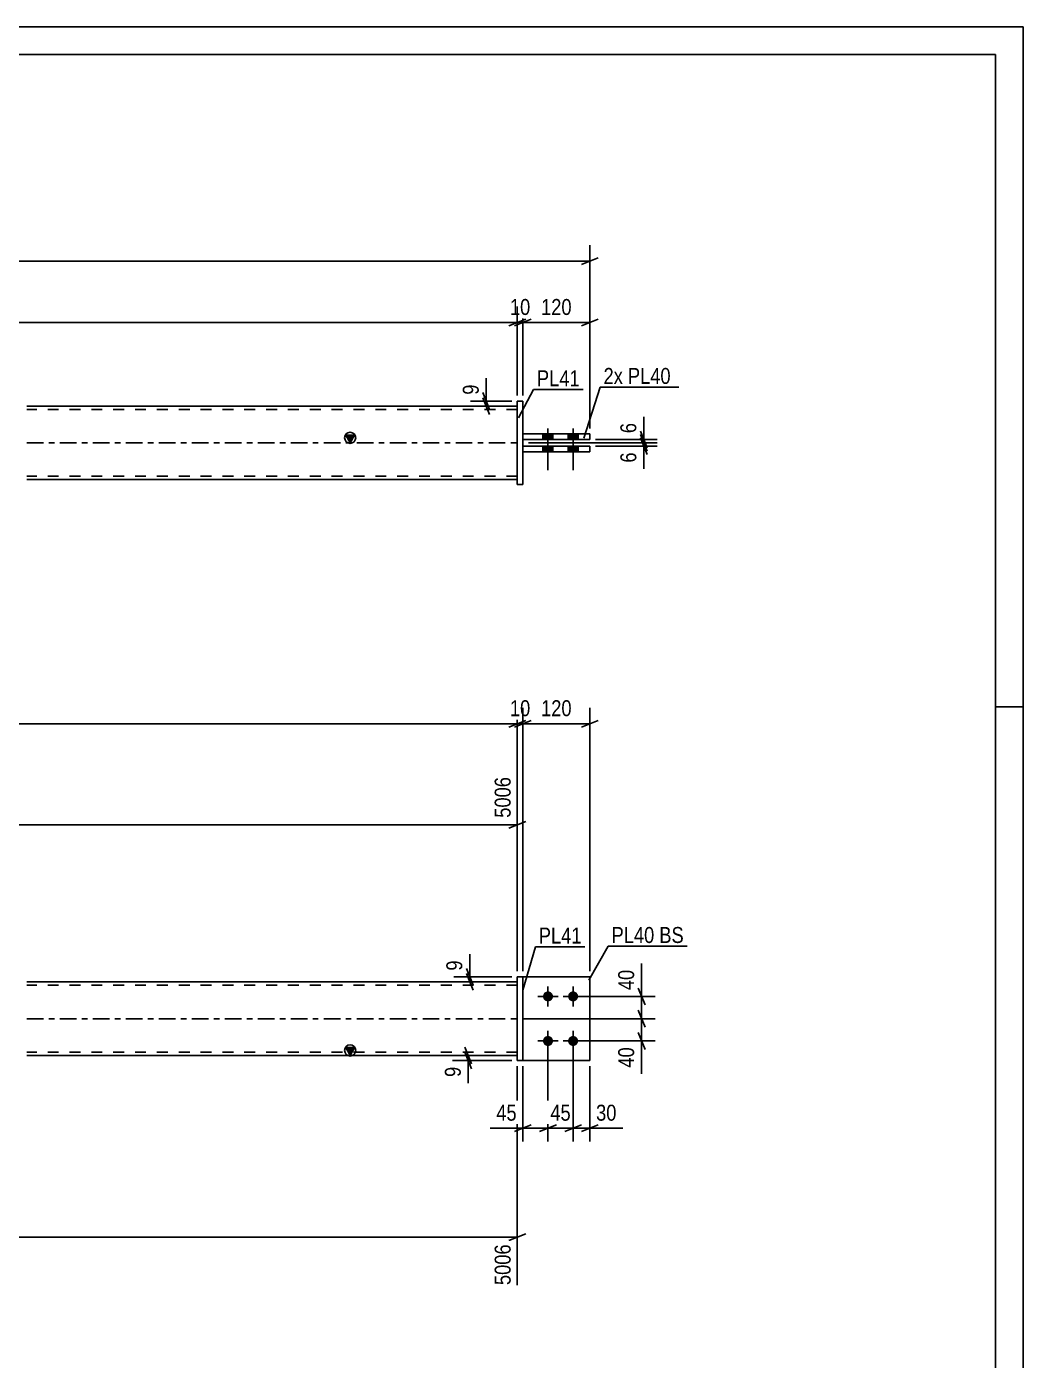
# Model space of a CAD drawing. Header units: millimetres. Extents: x 0 to 594, y 0 to 420.
# Drawn here: x 415.2 to 594, y 180.7 to 420 of the extents above; entities that cross this region are included whole.
import ezdxf

# ---------------------------------------------------------------- set-up
doc = ezdxf.new("R2010")
doc.units = ezdxf.units.MM
doc.linetypes.add('DXK_LINE_DOT2', pattern=[3.9198, 1.9599, -1.9599])
doc.linetypes.add('DXK_LINE_DOT3', pattern=[5.9187, 2.979, -0.9799, 0.9799, -0.9799])
doc.styles.add('Arial Narrow', font='ARIALN.TTF', dxfattribs={"height": 0.2})

# ---------------------------------------------------------------- blocks, each defined once
blk = doc.blocks.new('Unknown-582685858-1127')
at = {"color": 5, "linetype": 'Continuous'}
for p, q in [((594, 420), (0, 420)), ((594, 0), (594, 420)), ((589, 415), (5, 415)), ((589, 5), (589, 415)), ((594, 298), (589, 298))]:
    blk.add_line(p, q, dxfattribs=at)
blk = doc.blocks.new('Part-582685858-1683 - 1672')
at = {"linetype": 'Continuous'}
blk.add_hatch(color=2, dxfattribs=at).paths.add_polyline_path([(473.2, 235.43), (472.4, 236.83), (474, 236.83)])
at = {"color": 2, "linetype": 'Continuous'}
for p, q in [((503.2, 248.63), (415.2, 248.63)), ((503.2, 235.43), (415.2, 235.43)), ((473.2, 235.43), (472.4, 236.83)), ((472.4, 236.83), (474, 236.83)), ((474, 236.83), (473.2, 235.43))]:
    blk.add_line(p, q, dxfattribs=at)
at = {"color": 7, "linetype": 'DXK_LINE_DOT2'}
for p, q in [((503.2, 248.03), (415.2, 248.03)), ((503.2, 235.43), (503.2, 248.63)), ((503.2, 236.03), (415.2, 236.03))]:
    blk.add_line(p, q, dxfattribs=at)
at = {"color": 7, "linetype": 'DXK_LINE_DOT3'}
blk.add_line((415.2, 242.03), (503.2, 242.03), dxfattribs=at)
at = {"color": 2, "linetype": 'Continuous'}
blk.add_circle((473.2, 236.33), 1, dxfattribs=at)
blk = doc.blocks.new('Part-582685858-1688 - 1672')
at = {"color": 2, "linetype": 'Continuous'}
for p, q in [((516.2, 249.53), (504.2, 249.53)), ((516.2, 249.53), (516.2, 249.53)), ((516.2, 249.53), (516.2, 234.53)), ((516.2, 234.53), (504.2, 234.53))]:
    blk.add_line(p, q, dxfattribs=at)
at = {"color": 7, "linetype": 'DXK_LINE_DOT2'}
for p, q in [((516.2, 249.53), (504.2, 249.53)), ((504.2, 249.53), (504.2, 249.53)), ((504.2, 234.53), (504.2, 249.53)), ((516.2, 249.53), (516.2, 249.53)), ((516.2, 234.53), (504.2, 234.53))]:
    blk.add_line(p, q, dxfattribs=at)
blk = doc.blocks.new('Part-582685858-1693 - 1672')
at = {"color": 7, "linetype": 'DXK_LINE_DOT2'}
for p, q in [((504.2, 249.53), (516.2, 249.53)), ((516.2, 249.53), (504.2, 249.53)), ((504.2, 249.53), (504.2, 249.53)), ((504.2, 234.53), (504.2, 249.53)), ((516.2, 249.53), (516.2, 249.53)), ((516.2, 249.53), (516.2, 234.53)), ((516.2, 234.53), (504.2, 234.53)), ((516.2, 234.53), (504.2, 234.53))]:
    blk.add_line(p, q, dxfattribs=at)
blk = doc.blocks.new('Part-582685858-1698 - 1672')
at = {"color": 2, "linetype": 'Continuous'}
for p, q in [((503.2, 249.53), (504.2, 249.53)), ((503.2, 234.53), (503.2, 249.53)), ((504.2, 234.53), (504.2, 249.53)), ((503.2, 234.53), (503.2, 234.53)), ((503.2, 234.53), (504.2, 234.53))]:
    blk.add_line(p, q, dxfattribs=at)
at = {"color": 7, "linetype": 'DXK_LINE_DOT2'}
for p, q in [((503.2, 249.53), (504.2, 249.53)), ((503.2, 234.53), (504.2, 234.53))]:
    blk.add_line(p, q, dxfattribs=at)
blk = doc.blocks.new('Bolt-582685858-1719 - 1672')
at = {"linetype": 'Continuous'}
for points in [[(508.7, 246.93), (508.89, 246.91), (509.07, 246.85), (509.23, 246.76), (509.37, 246.63), (509.48, 246.48), (509.56, 246.31), (509.6, 246.12), (509.6, 245.93), (509.56, 245.75), (509.48, 245.58), (509.37, 245.42), (509.23, 245.3), (509.07, 245.2), (508.89, 245.15), (508.7, 245.13), (508.52, 245.15), (508.34, 245.2), (508.17, 245.3), (508.03, 245.42), (507.92, 245.58), (507.85, 245.75), (507.81, 245.93), (507.81, 246.12), (507.85, 246.31), (507.92, 246.48), (508.03, 246.63), (508.17, 246.76), (508.34, 246.85), (508.52, 246.91)], [(513.2, 246.93), (513.39, 246.91), (513.57, 246.85), (513.73, 246.76), (513.87, 246.63), (513.98, 246.48), (514.06, 246.31), (514.1, 246.12), (514.1, 245.93), (514.06, 245.75), (513.98, 245.58), (513.87, 245.42), (513.73, 245.3), (513.57, 245.2), (513.39, 245.15), (513.2, 245.13), (513.02, 245.15), (512.84, 245.2), (512.67, 245.3), (512.53, 245.42), (512.42, 245.58), (512.35, 245.75), (512.31, 245.93), (512.31, 246.12), (512.35, 246.31), (512.42, 246.48), (512.53, 246.63), (512.67, 246.76), (512.84, 246.85), (513.02, 246.91)], [(508.7, 238.93), (508.89, 238.91), (509.07, 238.85), (509.23, 238.76), (509.37, 238.63), (509.48, 238.48), (509.56, 238.31), (509.6, 238.12), (509.6, 237.93), (509.56, 237.75), (509.48, 237.58), (509.37, 237.42), (509.23, 237.3), (509.07, 237.2), (508.89, 237.15), (508.7, 237.13), (508.52, 237.15), (508.34, 237.2), (508.17, 237.3), (508.03, 237.42), (507.92, 237.58), (507.85, 237.75), (507.81, 237.93), (507.81, 238.12), (507.85, 238.31), (507.92, 238.48), (508.03, 238.63), (508.17, 238.76), (508.34, 238.85), (508.52, 238.91)], [(513.2, 238.93), (513.39, 238.91), (513.57, 238.85), (513.73, 238.76), (513.87, 238.63), (513.98, 238.48), (514.06, 238.31), (514.1, 238.12), (514.1, 237.93), (514.06, 237.75), (513.98, 237.58), (513.87, 237.42), (513.73, 237.3), (513.57, 237.2), (513.39, 237.15), (513.2, 237.13), (513.02, 237.15), (512.84, 237.2), (512.67, 237.3), (512.53, 237.42), (512.42, 237.58), (512.35, 237.75), (512.31, 237.93), (512.31, 238.12), (512.35, 238.31), (512.42, 238.48), (512.53, 238.63), (512.67, 238.76), (512.84, 238.85), (513.02, 238.91)]]:
    blk.add_hatch(color=1, dxfattribs=at).paths.add_polyline_path(points)
at = {"color": 1, "linetype": 'Continuous'}
for p, q in [((508.7, 247.83), (508.7, 244.23)), ((513.2, 247.83), (513.2, 244.23)), ((506.9, 246.03), (510.5, 246.03)), ((511.4, 246.03), (515, 246.03)), ((508.7, 239.83), (508.7, 236.23)), ((513.2, 239.83), (513.2, 236.23)), ((506.9, 238.03), (510.5, 238.03)), ((511.4, 238.03), (515, 238.03))]:
    blk.add_line(p, q, dxfattribs=at)
blk = doc.blocks.new('Bolt-582685858-1367 - 1364')
at = {"linetype": 'Continuous'}
for points in [[(509.6, 346.94), (507.8, 346.94), (507.8, 345.94), (509.6, 345.94)], [(509.6, 346.94), (507.8, 346.94), (507.8, 345.94), (509.6, 345.94)], [(514.1, 346.94), (512.3, 346.94), (512.3, 345.94), (514.1, 345.94)], [(514.1, 346.94), (512.3, 346.94), (512.3, 345.94), (514.1, 345.94)], [(509.6, 344.74), (507.8, 344.74), (507.8, 343.74), (509.6, 343.74)], [(509.6, 344.74), (507.8, 344.74), (507.8, 343.74), (509.6, 343.74)], [(514.1, 344.74), (512.3, 344.74), (512.3, 343.74), (514.1, 343.74)], [(514.1, 344.74), (512.3, 344.74), (512.3, 343.74), (514.1, 343.74)]]:
    blk.add_hatch(color=1, dxfattribs=at).paths.add_polyline_path(points)
at = {"color": 1, "linetype": 'Continuous'}
for p, q in [((507.8, 346.94), (507.8, 345.94)), ((507.8, 346.94), (507.8, 345.94)), ((508.7, 347.94), (508.7, 340.44)), ((508.7, 347.94), (508.7, 340.44)), ((509.6, 346.94), (509.6, 345.94)), ((509.6, 346.94), (509.6, 345.94)), ((512.3, 346.94), (512.3, 345.94)), ((512.3, 346.94), (512.3, 345.94)), ((513.2, 347.94), (513.2, 340.44)), ((513.2, 347.94), (513.2, 340.44)), ((514.1, 346.94), (514.1, 345.94)), ((514.1, 346.94), (514.1, 345.94)), ((507.8, 344.74), (507.8, 343.74)), ((507.8, 344.74), (507.8, 343.74)), ((509.6, 344.74), (509.6, 343.74)), ((509.6, 344.74), (509.6, 343.74)), ((512.3, 344.74), (512.3, 343.74)), ((512.3, 344.74), (512.3, 343.74)), ((514.1, 344.74), (514.1, 343.74)), ((514.1, 344.74), (514.1, 343.74))]:
    blk.add_line(p, q, dxfattribs=at)
blk = doc.blocks.new('Part-582685858-1402 - 1364')
at = {"linetype": 'Continuous'}
blk.add_hatch(color=2, dxfattribs=at).paths.add_polyline_path([(473.2, 345.34), (472.4, 346.74), (474, 346.74)])
at = {"color": 2, "linetype": 'Continuous'}
for p, q in [((503.2, 351.94), (415.2, 351.94)), ((473.2, 345.34), (472.4, 346.74)), ((472.4, 346.74), (474, 346.74)), ((474, 346.74), (473.2, 345.34)), ((503.2, 338.74), (415.2, 338.74))]:
    blk.add_line(p, q, dxfattribs=at)
at = {"color": 7, "linetype": 'DXK_LINE_DOT2'}
for p, q in [((503.2, 338.74), (503.2, 351.94)), ((503.2, 351.34), (415.2, 351.34)), ((503.2, 339.34), (415.2, 339.34))]:
    blk.add_line(p, q, dxfattribs=at)
at = {"color": 7, "linetype": 'DXK_LINE_DOT3'}
blk.add_line((415.2, 345.34), (503.2, 345.34), dxfattribs=at)
at = {"color": 2, "linetype": 'Continuous'}
blk.add_circle((473.2, 346.24), 1, dxfattribs=at)
blk = doc.blocks.new('Part-582685858-1417 - 1364')
at = {"color": 2, "linetype": 'Continuous'}
for p, q in [((504.2, 344.74), (516.2, 344.74)), ((504.2, 343.74), (504.2, 344.74)), ((516.2, 343.74), (516.2, 344.74)), ((516.2, 343.74), (504.2, 343.74))]:
    blk.add_line(p, q, dxfattribs=at)
at = {"color": 7, "linetype": 'DXK_LINE_DOT2'}
for p, q in [((516.2, 344.74), (504.2, 344.74)), ((504.2, 343.74), (516.2, 343.74))]:
    blk.add_line(p, q, dxfattribs=at)
blk = doc.blocks.new('Part-582685858-1422 - 1364')
at = {"color": 2, "linetype": 'Continuous'}
for p, q in [((504.2, 346.94), (516.2, 346.94)), ((504.2, 346.94), (504.2, 345.94)), ((516.2, 346.94), (516.2, 345.94)), ((504.2, 345.94), (516.2, 345.94))]:
    blk.add_line(p, q, dxfattribs=at)
at = {"color": 7, "linetype": 'DXK_LINE_DOT2'}
for p, q in [((504.2, 346.94), (504.2, 346.94)), ((516.2, 346.94), (504.2, 346.94)), ((516.2, 346.94), (516.2, 346.94)), ((504.2, 345.94), (516.2, 345.94))]:
    blk.add_line(p, q, dxfattribs=at)
blk = doc.blocks.new('Part-582685858-1437 - 1364')
at = {"color": 2, "linetype": 'Continuous'}
for p, q in [((503.2, 352.84), (503.2, 352.84)), ((503.2, 337.84), (503.2, 352.84)), ((503.2, 352.84), (504.2, 352.84)), ((504.2, 352.84), (504.2, 352.84)), ((504.2, 352.84), (504.2, 337.84)), ((503.2, 337.84), (504.2, 337.84)), ((503.2, 337.84), (503.2, 337.84)), ((504.2, 337.84), (504.2, 337.84))]:
    blk.add_line(p, q, dxfattribs=at)
at = {"color": 7, "linetype": 'DXK_LINE_DOT2'}
for p, q in [((503.2, 352.84), (503.2, 352.84)), ((503.2, 352.84), (504.2, 352.84)), ((503.2, 337.84), (504.2, 337.84))]:
    blk.add_line(p, q, dxfattribs=at)
blk = doc.blocks.new('StraightDimension-582685858-1814 - 1672')
at = {"color": 7, "linetype": 'Continuous'}
for p, q in [((316.77, 234.43), (316.77, 185.54)), ((503.2, 233.53), (503.2, 194.24)), ((318.27, 203.45), (315.27, 202.25)), ((501.7, 202.25), (504.7, 203.45)), ((316.77, 202.85), (503.2, 202.85))]:
    blk.add_line(p, q, dxfattribs=at)
at = {"color": 0}
blk.add_wipeout([(414.24, 203.6), (414.24, 207.8), (405.73, 207.8), (405.73, 203.6)], dxfattribs=at)
at = {"color": 0, "linetype": 'Continuous'}
blk.add_wipeout([(502.6, 202.15), (498.4, 202.15), (498.4, 193.64), (502.6, 193.64)], dxfattribs=at)
at = {"color": 3, "style": 'Arial Narrow'}
blk.add_text('2074', height=2.863, dxfattribs=at).set_placement((406.33, 204.2))
at = {"color": 3, "linetype": 'Continuous', "style": 'Arial Narrow'}
blk.add_text('5006', height=2.863, rotation=90.0002, dxfattribs=at).set_placement((502, 194.24))
blk = doc.blocks.new('StraightDimension-582685858-1987 - 1672')
at = {"color": 7, "linetype": 'Continuous'}
for p, q in [((524.91, 247.53), (526.11, 244.53)), ((514.2, 246.03), (527.91, 246.03)), ((525.51, 242.03), (525.51, 246.03)), ((504.2, 242.03), (527.91, 242.03)), ((526.11, 240.53), (524.91, 243.53))]:
    blk.add_line(p, q, dxfattribs=at)
at = {"color": 0}
blk.add_wipeout([(524.76, 251.41), (520.56, 251.41), (520.56, 246.55), (524.76, 246.55)], dxfattribs=at)
at = {"color": 7, "linetype": 'Continuous'}
blk.add_line((525.51, 246.03), (525.51, 251.93), dxfattribs=at)
blk.add_line((525.51, 246.03), (525.51, 251.93), dxfattribs=at)
at = {"color": 3, "style": 'Arial Narrow'}
blk.add_text('40', height=2.863, rotation=90.0002, dxfattribs=at).set_placement((524.16, 247.15))
blk = doc.blocks.new('StraightDimension-582685858-1909 - 1672')
at = {"color": 7, "linetype": 'Continuous'}
for p, q in [((508.7, 237.03), (508.7, 219.98)), ((504.2, 233.53), (504.2, 219.98)), ((502.7, 221.78), (505.7, 222.98)), ((510.2, 222.98), (507.2, 221.78)), ((504.2, 222.38), (508.7, 222.38))]:
    blk.add_line(p, q, dxfattribs=at)
at = {"color": 0}
blk.add_wipeout([(503.68, 223.13), (503.68, 227.33), (498.82, 227.33), (498.82, 223.13)], dxfattribs=at)
at = {"color": 7, "linetype": 'Continuous'}
blk.add_line((504.2, 222.38), (498.3, 222.38), dxfattribs=at)
blk.add_line((504.2, 222.38), (498.3, 222.38), dxfattribs=at)
at = {"color": 3, "style": 'Arial Narrow'}
blk.add_text('45', height=2.863, dxfattribs=at).set_placement((499.42, 223.73))
blk = doc.blocks.new('StraightDimension-582685858-1774 - 1672')
at = {"color": 7, "linetype": 'Continuous'}
for p, q in [((299.2, 249.79), (299.2, 285.39)), ((503.2, 250.53), (503.2, 285.39)), ((300.7, 277.38), (297.7, 276.18)), ((299.2, 276.78), (503.2, 276.78)), ((501.7, 276.18), (504.7, 277.38))]:
    blk.add_line(p, q, dxfattribs=at)
at = {"color": 0, "linetype": 'Continuous'}
blk.add_wipeout([(502.6, 285.99), (498.4, 285.99), (498.4, 277.48), (502.6, 277.48)], dxfattribs=at)
at = {"color": 0}
blk.add_wipeout([(405.46, 277.53), (405.46, 281.73), (396.95, 281.73), (396.95, 277.53)], dxfattribs=at)
at = {"color": 3, "linetype": 'Continuous', "style": 'Arial Narrow'}
blk.add_text('5006', height=2.863, rotation=90.0002, dxfattribs=at).set_placement((502, 278.08))
at = {"color": 3, "style": 'Arial Narrow'}
blk.add_text('2250', height=2.863, dxfattribs=at).set_placement((397.55, 278.13))
blk = doc.blocks.new('StraightDimension-582685858-2032 - 1672')
at = {"color": 7, "linetype": 'Continuous'}
for p, q in [((503.2, 250.53), (503.2, 297.8)), ((83.91, 294.95), (503.2, 294.95)), ((501.7, 294.35), (504.7, 295.55))]:
    blk.add_line(p, q, dxfattribs=at)
blk = doc.blocks.new('StraightDimension-582685858-1900 - 1672')
at = {"color": 7, "linetype": 'Continuous'}
for p, q in [((493.8, 236.93), (495, 233.93)), ((502.2, 235.43), (491.55, 235.43)), ((502.2, 234.53), (491.55, 234.53)), ((495, 233.03), (493.8, 236.03)), ((494.4, 234.53), (494.4, 235.43))]:
    blk.add_line(p, q, dxfattribs=at)
at = {"color": 0}
blk.add_wipeout([(493.65, 234), (489.45, 234), (489.45, 230.97), (493.65, 230.97)], dxfattribs=at)
at = {"color": 7, "linetype": 'Continuous'}
blk.add_line((494.4, 234.53), (494.4, 230.45), dxfattribs=at)
blk.add_line((494.4, 234.53), (494.4, 230.45), dxfattribs=at)
at = {"color": 3, "style": 'Arial Narrow'}
blk.add_text('9', height=2.86, rotation=90.0002, dxfattribs=at).set_placement((493.05, 231.57))
blk = doc.blocks.new('StraightDimension-582685858-1925 - 1672')
at = {"color": 7, "linetype": 'Continuous'}
for p, q in [((508.7, 237.03), (508.7, 219.98)), ((513.2, 237.03), (513.2, 219.98)), ((507.2, 221.78), (510.2, 222.98)), ((514.7, 222.98), (511.7, 221.78)), ((508.7, 222.38), (513.2, 222.38))]:
    blk.add_line(p, q, dxfattribs=at)
at = {"color": 0}
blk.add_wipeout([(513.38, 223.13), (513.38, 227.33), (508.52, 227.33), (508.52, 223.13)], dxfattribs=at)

------

» **EXERCISE BRIEF**
With pictures removed, write out exactly each line of the entries from the first through the line that holds "blk = doc.blocks.new('Unknown-582685858-1127')".

» **WRITTEN ANSWER**
# Model space of a CAD drawing. Header units: millimetres. Extents: x 0 to 594, y 0 to 420.
# Drawn here: x 415.2 to 594, y 180.7 to 420 of the extents above; entities that cross this region are included whole.
import ezdxf

# ---------------------------------------------------------------- set-up
doc = ezdxf.new("R2010")
doc.units = ezdxf.units.MM
doc.linetypes.add('DXK_LINE_DOT2', pattern=[3.9198, 1.9599, -1.9599])
doc.linetypes.add('DXK_LINE_DOT3', pattern=[5.9187, 2.979, -0.9799, 0.9799, -0.9799])
doc.styles.add('Arial Narrow', font='ARIALN.TTF', dxfattribs={"height": 0.2})

# ---------------------------------------------------------------- blocks, each defined once
blk = doc.blocks.new('Unknown-582685858-1127')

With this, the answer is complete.